If the packaging or the goods are obviously damaged, you are obliged to refuse acceptance upon delivery or to note the damage accordingly on the receipt upon acceptance and to notify us by e-mail or fax within two days (assertion of obvious transport damage).

Unrecognizable transport damage must be reported to us and the carrier in writing immediately, but at the latest within a period of two workings days after acceptance.

8. Property rights

(1) In accordance with clause 9, we guarantee that the delivery item is free from the infringement of industrial property rights or copyrights of third parties.

Each contracting party shall immediately notify the other contracting party in writing if claims are asserted against it due to the infringement of such rights.

(2) In the event that the delivery item infringes an industrial property right or copyright of a third party, we shall, at our discretion and at our expense, modify or replace the delivery item in such a way that no rights of third parties are infringed, but the delivery item continues to fulfill the contractually agreed functions, or procure the right of use for you by concluding a license agreement.

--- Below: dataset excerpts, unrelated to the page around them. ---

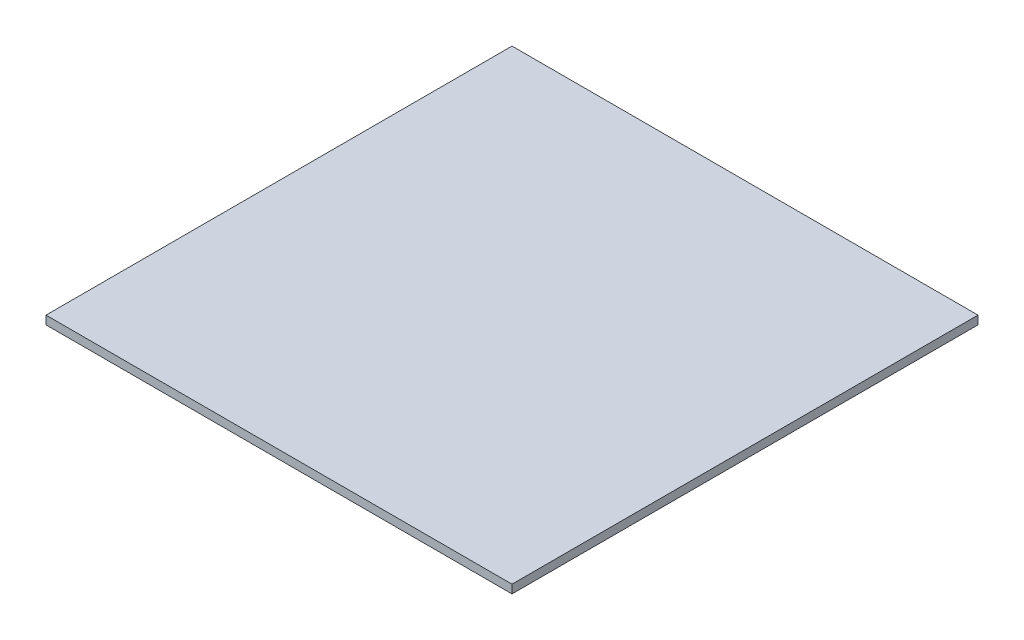
from build123d import *

# Parameters (mm, degrees)
CROQUIS1_W              = 110
CROQUIS1_H              = 2
SALIENTE_EXTRUIR1_DEPTH = 55


with BuildPart() as part:
    # Croquis1 → Saliente-Extruir1 (new, symmetric)
    with BuildSketch(Plane.XY):
        Rectangle(CROQUIS1_W, CROQUIS1_H)
    extrude(amount=SALIENTE_EXTRUIR1_DEPTH, both=True)


solid = part.part
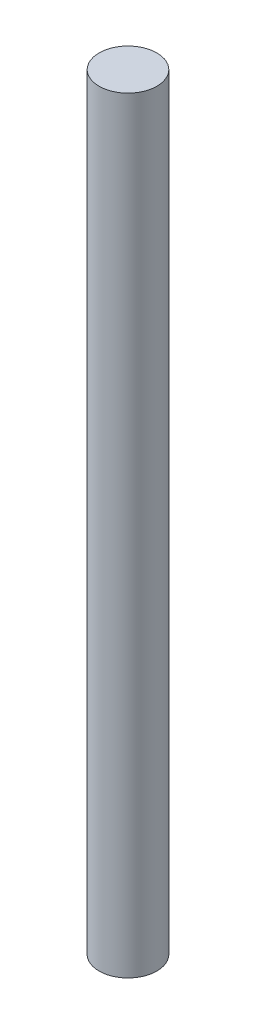
from build123d import *

# Parameters (mm, degrees)
TD_SKETCH_R      = 0.79248
TL_FEATURE_DEPTH = 21.0312


with BuildPart() as part:
    # TD_sketch → TL_feature (new body)
    with BuildSketch(Plane(origin=(0, 0, 0), x_dir=(1, 0, 0), z_dir=(0, 1, 0))):
        with Locations(Location((0, 0, 0), (0, 0, 270))):
            Circle(TD_SKETCH_R)
    extrude(amount=TL_FEATURE_DEPTH)


solid = part.part
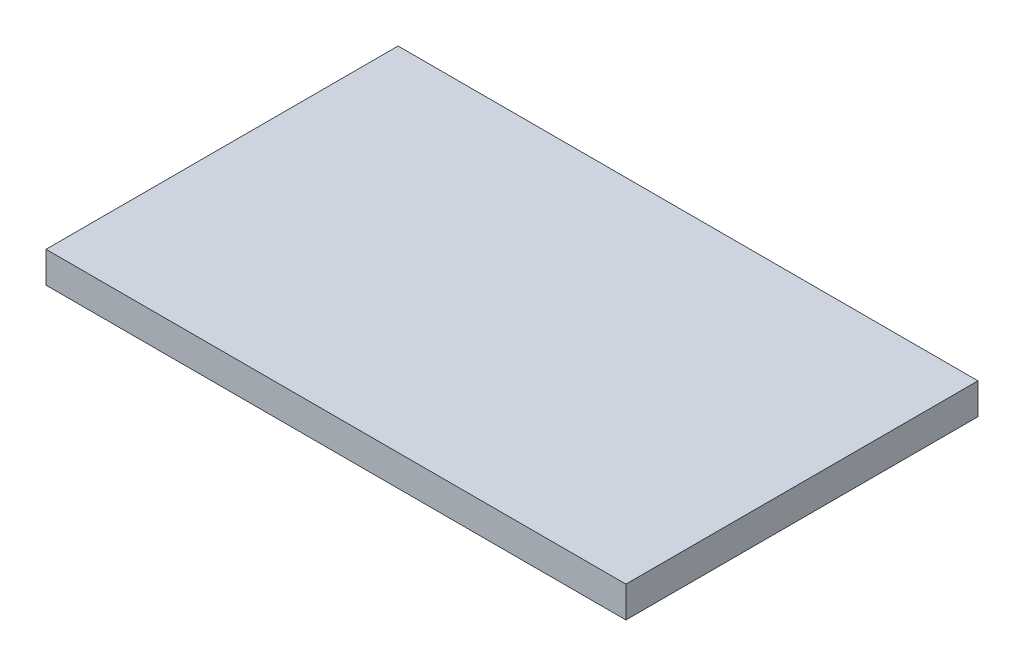
from build123d import *

# Parameters (mm, degrees)
SKETCH1_W           = 168
SKETCH1_H           = 9
BOSS_EXTRUDE1_DEPTH = 102


with BuildPart() as part:
    # Sketch1 → Boss-Extrude1 (new body)
    with BuildSketch(Plane.XY):
        Rectangle(SKETCH1_W, SKETCH1_H)
    extrude(amount=BOSS_EXTRUDE1_DEPTH)


solid = part.part
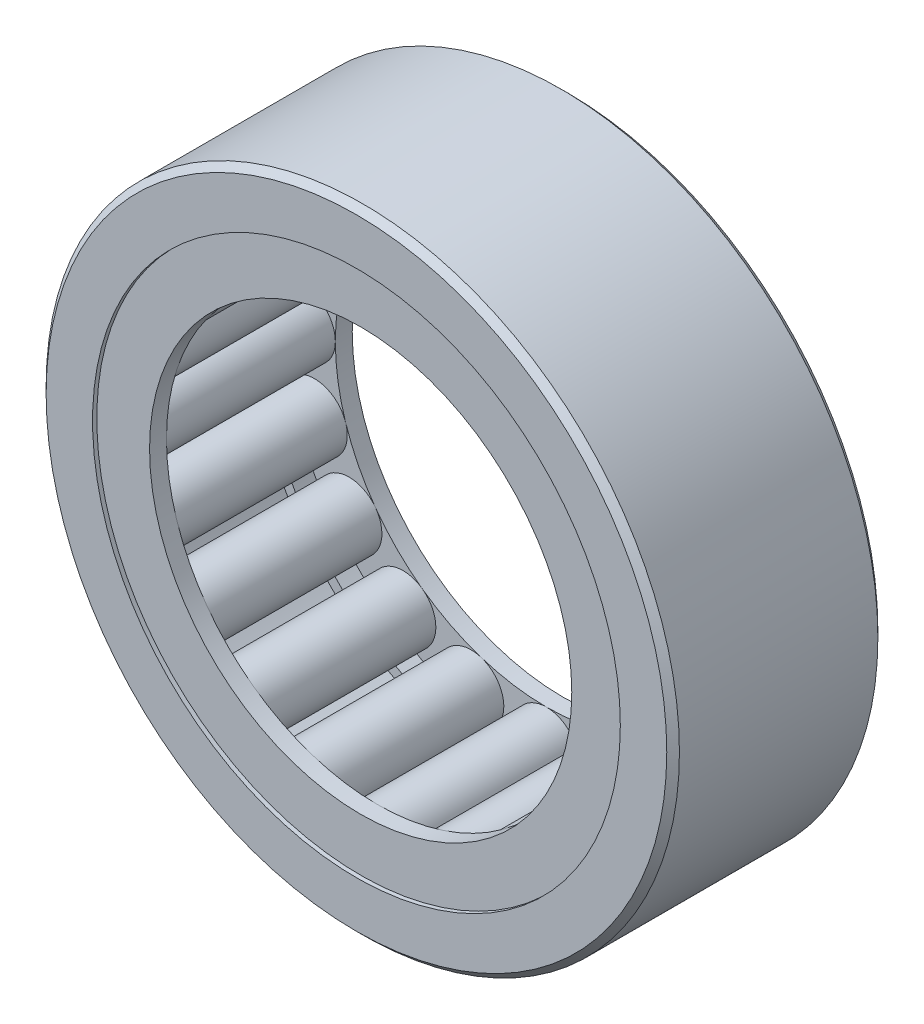
from build123d import *

# Parameters (mm, degrees)
CHAMFER1_SIZE       = 0.381
SKETCH2_R           = 1.9685
BOSS_EXTRUDE1_DEPTH = 5.08
CIRPATTERN1_COUNT   = 20
SKETCH3_R           = 15.875
SKETCH3_R_2         = 12.7
BOSS_EXTRUDE2_DEPTH = 1.016


with BuildPart() as part:
    # Sketch1 → Revolve1 (revolve)
    with BuildSketch(Plane(origin=(0, 0, 0), x_dir=(0, 0, -1), z_dir=(1, 0, 0)), mode=Mode.PRIVATE) as revolve1_sk:
        Polygon((-3.81, 16.51), (3.81, 16.51), (3.81, 15.875), (6.35, 15.875), (6.35, 19.05), (-6.35, 19.05), (-6.35, 15.875), (-3.81, 15.875), align=None)
    revolve(revolve1_sk.sketch.rotate(Axis((0, 0, 0), (0, 0, -1)), 90), axis=Axis((0, 0, 0), (0, 0, -1)))

    # Chamfer1
    chamfer1_edges = [part.edges().sort_by_distance(p)[0] for p in [
        (-19.05, 0, -6.35),
        (-19.05, 0, 6.35),
    ]]
    chamfer(chamfer1_edges, length=CHAMFER1_SIZE)

    # Sketch2 → Boss-Extrude1 (add, symmetric)
    with BuildSketch(Plane.XY):
        with Locations((0, 14.6685)):
            Circle(SKETCH2_R)
    boss_extrude1 = extrude(amount=BOSS_EXTRUDE1_DEPTH, both=True)

    # CirPattern1: Boss-Extrude1 ×20 about axis
    cirpattern1_axis = Axis((0, 0, 0), (0, 0, 1))
    for i in range(1, CIRPATTERN1_COUNT):
        add(boss_extrude1.rotate(cirpattern1_axis, i * 360 / CIRPATTERN1_COUNT))

    # Sketch3 → Boss-Extrude2 (add)
    with BuildSketch(Plane.XY.offset(5.08)):
        Circle(SKETCH3_R)
        Circle(SKETCH3_R_2, mode=Mode.SUBTRACT)
    boss_extrude2 = extrude(amount=BOSS_EXTRUDE2_DEPTH)

    # Mirror1: Boss-Extrude2 across plane
    add(boss_extrude2.mirror(Plane.XY))


solid = part.part
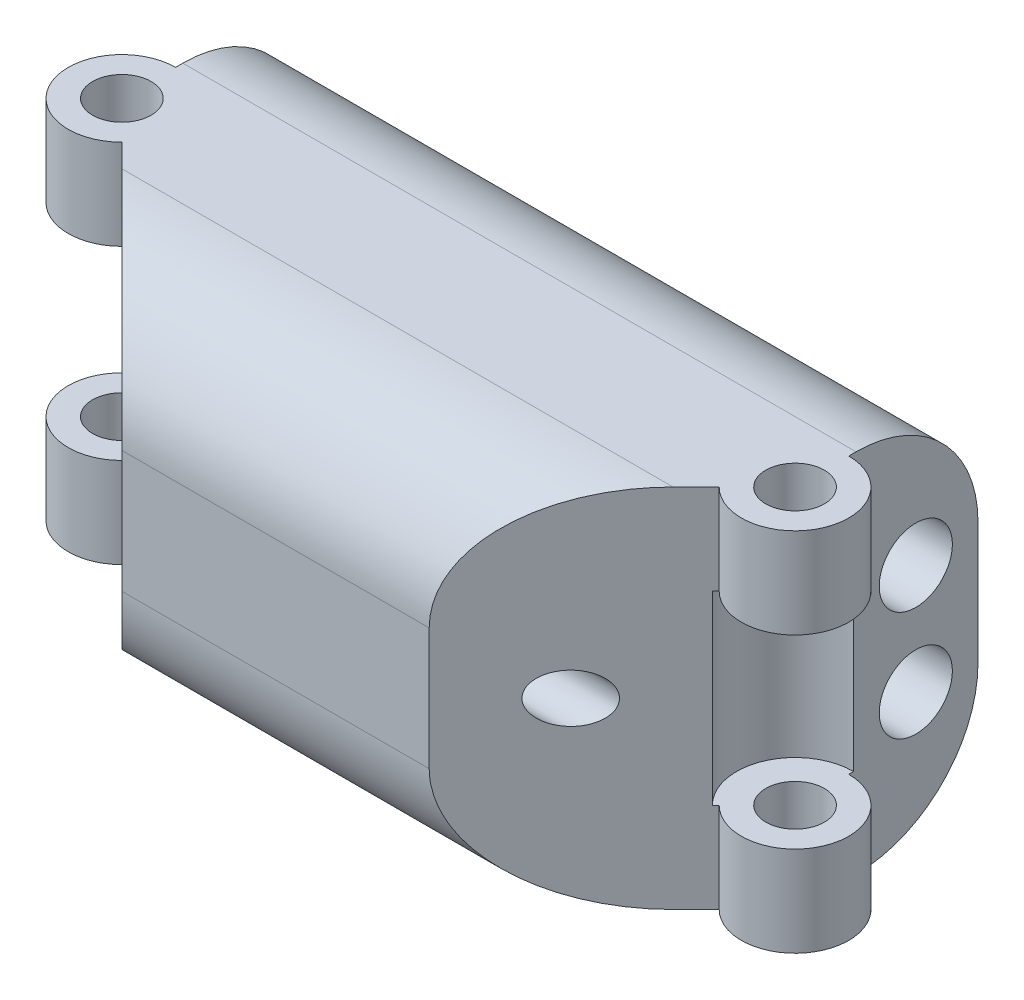
from build123d import *

# Parameters (mm, degrees)
BOSS_EXTRUDE1_DEPTH            = 7.5
BOSS_EXTRUDE1_DEPTH_BACK       = 7.5
CUT_EXTRUDE3_REACH             = 31.568
SKETCH5_R                      = 1.5
FILLET1_R                      = 5
CUT_EXTRUDE2_REACH             = 19.405
SKETCH3_R                      = 1
CUT_EXTRUDE2_DIRECTION_2_REACH = 19.405
FILLET2_R                      = 5
BOSS_EXTRUDE2_START            = 3.8
SKETCH6_R                      = 1.2
BOSS_EXTRUDE2_DEPTH            = 3.7
BOSS_EXTRUDE3_START            = -7.5
SKETCH6_4_R                    = 1.2
BOSS_EXTRUDE3_DEPTH            = 3.7


with BuildPart() as part:
    # Sketch1 → Boss-Extrude1 (new, two sides: drawn at the far end of the back side and taken through both)
    with BuildSketch(Plane(origin=(0, 0, 0), x_dir=(-1, 0, 0), z_dir=(0, 1, 0)).offset(-BOSS_EXTRUDE1_DEPTH_BACK)):
        with BuildLine():
            Line((6.3, 7.5), (-6.3, 7.5))
            Line((-6.3, 7.5), (-12.102943725, 1.697056275))
            ThreePointArc((-12.102943725, 1.697056275), (-11.582689122, -0.918440238), (-13.8, -2.4))
            Line((-13.8, -2.4), (-13.8, -7.5))
            Line((-13.8, -7.5), (13.8, -7.5))
            Line((13.8, -7.5), (13.8, -2.4))
            ThreePointArc((13.8, -2.4), (11.582689122, -0.918440238), (12.102943725, 1.697056275))
            Line((12.102943725, 1.697056275), (6.3, 7.5))
        make_face()
    extrude(amount=BOSS_EXTRUDE1_DEPTH + BOSS_EXTRUDE1_DEPTH_BACK)

    # Sketch5 → Cut-Extrude3 (cut, up to next)
    with BuildSketch(Plane.YZ.offset(13.8), mode=Mode.PRIVATE) as cut_extrude3_sk1:
        with Locations((-2.25, -4.95)):
            Circle(SKETCH5_R)
    cut_extrude3_tool1 = extrude(cut_extrude3_sk1.sketch, amount=-CUT_EXTRUDE3_REACH, mode=Mode.PRIVATE) & part.part
    # Sketch5 → Cut-Extrude3 (cut, up to next)
    with BuildSketch(Plane.YZ.offset(13.8), mode=Mode.PRIVATE) as cut_extrude3_sk2:
        with Locations((2.25, -4.95)):
            Circle(SKETCH5_R)
    cut_extrude3_tool2 = extrude(cut_extrude3_sk2.sketch, amount=-CUT_EXTRUDE3_REACH, mode=Mode.PRIVATE) & part.part
    add(cut_extrude3_tool1.solids().sort_by_distance((13.8, -2.25, -4.95))[0], mode=Mode.SUBTRACT)
    add(cut_extrude3_tool2.solids().sort_by_distance((13.8, 2.25, -4.95))[0], mode=Mode.SUBTRACT)

    # Fillet1
    fillet1_edges = [part.edges().sort_by_distance(p)[0] for p in [
        (0, -7.5, -7.5),
        (0, 7.5, -7.5),
    ]]
    fillet(fillet1_edges, radius=FILLET1_R)

    # Sketch3 → Cut-Extrude2 (cut, up to next)
    with BuildSketch(Plane.YZ, mode=Mode.PRIVATE) as cut_extrude2_sk1:
        with Locations((0, 4.598528137)):
            Circle(SKETCH3_R)
    cut_extrude2_tool1 = extrude(cut_extrude2_sk1.sketch, amount=-CUT_EXTRUDE2_REACH, mode=Mode.PRIVATE) & part.part
    add(cut_extrude2_tool1.solids().sort_by_distance((0, 0, 4.598528))[0], mode=Mode.SUBTRACT)

    # Sketch3 → Cut-Extrude2 direction 2 (cut, up to next)
    with BuildSketch(Plane.YZ, mode=Mode.PRIVATE) as cut_extrude2_direction_2_sk1:
        with Locations((0, 4.598528137)):
            Circle(SKETCH3_R)
    cut_extrude2_direction_2_tool1 = extrude(cut_extrude2_direction_2_sk1.sketch, amount=CUT_EXTRUDE2_DIRECTION_2_REACH, mode=Mode.PRIVATE) & part.part
    add(cut_extrude2_direction_2_tool1.solids().sort_by_distance((0, 0, 4.598528))[0], mode=Mode.SUBTRACT)

    # Fillet2
    fillet2_edges = [part.edges().sort_by_distance(p)[0] for p in [
        (0, 7.5, 7.5),
        (0, -7.5, 7.5),
    ]]
    fillet(fillet2_edges, radius=FILLET2_R)

    # Sketch6 → Boss-Extrude2 (add)
    # profile 1 of 2: a face of its own
    with BuildSketch(Plane(origin=(0, 0, 0), x_dir=(-1, 0, 0), z_dir=(0, 1, 0)).offset(BOSS_EXTRUDE2_START)):
        with BuildLine():
            Line((-12.102943725, 1.697056275), (-12.244365081, 1.555634919))
            ThreePointArc((-12.244365081, 1.555634919), (-15.832534972, 0.841903551), (-13.8, -2.2))
            Line((-13.8, -2.2), (-13.8, -2.4))
            ThreePointArc((-13.8, -2.4), (-11.582689122, -0.918440238), (-12.102943725, 1.697056275))
        make_face()
        with Locations((-13.8, 0)):
            Circle(SKETCH6_R, mode=Mode.SUBTRACT)
    # profile 2 of 2: a face of its own
    with BuildSketch(Plane(origin=(0, 0, 0), x_dir=(-1, 0, 0), z_dir=(0, 1, 0)).offset(BOSS_EXTRUDE2_START)):
        with BuildLine():
            Line((13.8, -2.4), (13.8, -2.2))
            ThreePointArc((13.8, -2.2), (15.832534972, 0.841903551), (12.244365081, 1.555634919))
            Line((12.244365081, 1.555634919), (12.102943725, 1.697056275))
            ThreePointArc((12.102943725, 1.697056275), (11.582689122, -0.918440238), (13.8, -2.4))
        make_face()
        with Locations((13.8, 0)):
            Circle(SKETCH6_R, mode=Mode.SUBTRACT)
    extrude(amount=BOSS_EXTRUDE2_DEPTH)

    # Sketch6<4> → Boss-Extrude3 (add)
    # profile 1 of 2: a face of its own
    with BuildSketch(Plane(origin=(0, 0, 0), x_dir=(-1, 0, 0), z_dir=(0, 1, 0)).offset(BOSS_EXTRUDE3_START)):
        with BuildLine():
            Line((-12.102943725, 1.697056275), (-12.244365081, 1.555634919))
            ThreePointArc((-12.244365081, 1.555634919), (-15.832534972, 0.841903551), (-13.8, -2.2))
            Line((-13.8, -2.2), (-13.8, -2.4))
            ThreePointArc((-13.8, -2.4), (-11.582689122, -0.918440238), (-12.102943725, 1.697056275))
        make_face()
        with Locations((-13.8, 0)):
            Circle(SKETCH6_4_R, mode=Mode.SUBTRACT)
    # profile 2 of 2: a face of its own
    with BuildSketch(Plane(origin=(0, 0, 0), x_dir=(-1, 0, 0), z_dir=(0, 1, 0)).offset(BOSS_EXTRUDE3_START)):
        with BuildLine():
            Line((13.8, -2.4), (13.8, -2.2))
            ThreePointArc((13.8, -2.2), (15.832534972, 0.841903551), (12.244365081, 1.555634919))
            Line((12.244365081, 1.555634919), (12.102943725, 1.697056275))
            ThreePointArc((12.102943725, 1.697056275), (11.582689122, -0.918440238), (13.8, -2.4))
        make_face()
        with Locations((13.8, 0)):
            Circle(SKETCH6_4_R, mode=Mode.SUBTRACT)
    extrude(amount=BOSS_EXTRUDE3_DEPTH)


solid = part.part
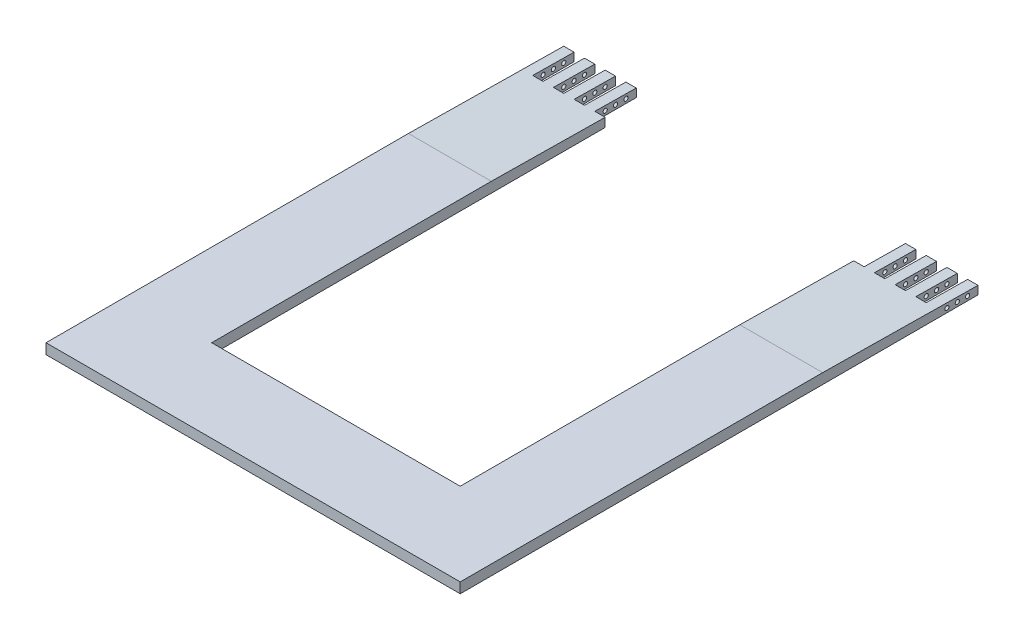
from build123d import *

# Parameters (mm, degrees)
SKETCH_1_W          = 40
SKETCH_1_H          = 435
SKETCH_1_H_2        = 40
SKETCH_1_W_2        = 120
EXTRUDE_1_DEPTH     = 5
CUT_EXTRUDE_2_DEPTH = 498.041245773
SKETCH_3_W          = 5
SKETCH_3_H          = 20
CUT_EXTRUDE_3_DEPTH = 466.886252212
SKETCH_4_R          = 1
CUT_EXTRUDE_4_DEPTH = 305.836021494


with BuildPart() as part:
    # 草图1 → 凸台-拉伸1 (new body)
    with BuildSketch(Plane(origin=(0, 0, 0), x_dir=(1, 0, 0), z_dir=(0, 1, 0))):
        with Locations((-80, 237.5)):
            Rectangle(SKETCH_1_W, SKETCH_1_H)
        with Locations((-80, 0)):
            Rectangle(SKETCH_1_W, SKETCH_1_H_2)
        Rectangle(SKETCH_1_W_2, SKETCH_1_H_2)
        with Locations((80, 0)):
            Rectangle(SKETCH_1_W, SKETCH_1_H_2)
        with Locations((80, 237.5)):
            Rectangle(SKETCH_1_W, SKETCH_1_H)
    extrude(amount=EXTRUDE_1_DEPTH)

    # 草图2 → 切除-拉伸2 (cut, through all)
    with BuildSketch(Plane(origin=(100, 0, 0), x_dir=(0, 0, -1), z_dir=(1, 0, 0))):
        Polygon((155, 5), (455, 1), (455, 5), align=None)
    extrude(amount=-CUT_EXTRUDE_2_DEPTH, mode=Mode.SUBTRACT)

    # 草图3 → 切除-拉伸3 (cut, through all)
    with BuildSketch(Plane(origin=(0, 5, 0), x_dir=(1, 0, 0), z_dir=(0, 1, 0))):
        Polygon((-100, 455), (-100, 230), (-95, 230), (-90, 230), (-85, 230), (-80, 230), (-75, 230), (-70, 230), (-65, 230), (-60, 230), (60, 230), (65, 230), (70, 230), (75, 230), (80, 230), (85, 230), (90, 230), (95, 230), (100, 230), (100, 455), align=None)
        with Locations((-92.5, 220)):
            Rectangle(SKETCH_3_W, SKETCH_3_H)
        with Locations((-82.5, 220)):
            Rectangle(SKETCH_3_W, SKETCH_3_H)
        with Locations((-72.5, 220)):
            Rectangle(SKETCH_3_W, SKETCH_3_H)
        with Locations((-62.5, 220)):
            Rectangle(SKETCH_3_W, SKETCH_3_H)
        with Locations((62.5, 220)):
            Rectangle(SKETCH_3_W, SKETCH_3_H)
        with Locations((72.5, 220)):
            Rectangle(SKETCH_3_W, SKETCH_3_H)
        with Locations((82.5, 220)):
            Rectangle(SKETCH_3_W, SKETCH_3_H)
        with Locations((92.5, 220)):
            Rectangle(SKETCH_3_W, SKETCH_3_H)
    extrude(amount=-CUT_EXTRUDE_3_DEPTH, mode=Mode.SUBTRACT)

    # 草图4 → 切除-拉伸4 (cut, through all)
    with BuildSketch(Plane(origin=(100, 0, 0), x_dir=(0, 0, -1), z_dir=(1, 0, 0))):
        with Locations((225, 2)):
            Circle(SKETCH_4_R)
        with Locations((220, 2)):
            Circle(SKETCH_4_R)
        with Locations((215, 2)):
            Circle(SKETCH_4_R)
    extrude(amount=-CUT_EXTRUDE_4_DEPTH, mode=Mode.SUBTRACT)


solid = part.part

If we do not succeed in doing so within a reasonable period of time, you are entitled to withdraw from the contract or to reduce the purchase price appropriately.

Any claims for damages on the part of the client are subject to the limitations of clause 9 of these B2B T&Cs.

(3) In the event of infringements of rights by products of other manufacturers supplied by us, we shall, at our discretion, assert our claims against the manufacturers and upstream suppliers for your account or assign them to you.

In these cases, claims against us shall only exist in accordance with clause 9 if the judicial enforcement of the aforementioned claims against the manufacturers and suppliers was unsuccessful or is futile, for example due to insolvency.

9. Liability for damages

(1) We shall only be liable for damages caused intentionally or by gross negligence or for the breach of such essential contractual obligations, the fulfillment of which is essential for the proper execution of the contract, the breach of which jeopardizes the achievement of the purpose of the contract and on the observance of which the customer regularly relies due to the special features of this contract (so-called cardinal obligations)

Liability for slightly negligent breach of other contractual obligations is generally excluded.

(2) As a party is liable for negligently caused damages, our liability of this party is limited to the contractually typical foreseeable damage.

Contractually typical foreseeable damage is to be assessed on a case-by-case basis.

However, a maximum amount of 100,000 euros per individual case (in line with the current sum insured under product liability insurance) is to be regarded as contractually foreseeable damage.

Liability for consequential or indirect damages (including, but not limited to lost profits, lost savings and other indirect damages) is excluded, unless the damage was caused intentionally.

(3) The above limitations of liability shall also apply in favor of the employees of the parties, all companies of the parties involved in the performance of this contract and their respective employees.

(4) The above limitations of liability shall not apply if one of the parties is liable under the Spain Product Liability Act or in the event of personal injury.

10. Final provisions / choice of law / jurisdiction

(1) The following applies with regard to the written form: changes or additions to these B2B T&Cs must be made in writing (this also includes fax or e-mail).

This also applies to the cancellation of this written form requirement.

(2) The law of Spain shall apply, excluding the provisions of the United Nations Convention on Contracts for the International Sale of Goods (CISG) of April 11, 1980.

Mandatory provisions of the state in which your company headquarters or the headquarters of the branch placing the order is located shall remain unaffected.

(3) The place of jurisdiction for all disputes – provided you are a merchant – is Palma de Mallorca.
 Mandatory statutory provisions regarding exclusive places of jurisdiction shall remain unaffected by this regulation.

(4) Should any individual provisions of this contract be ineffective or contradict statutory regulations, the remaining contract shall not be affected thereby.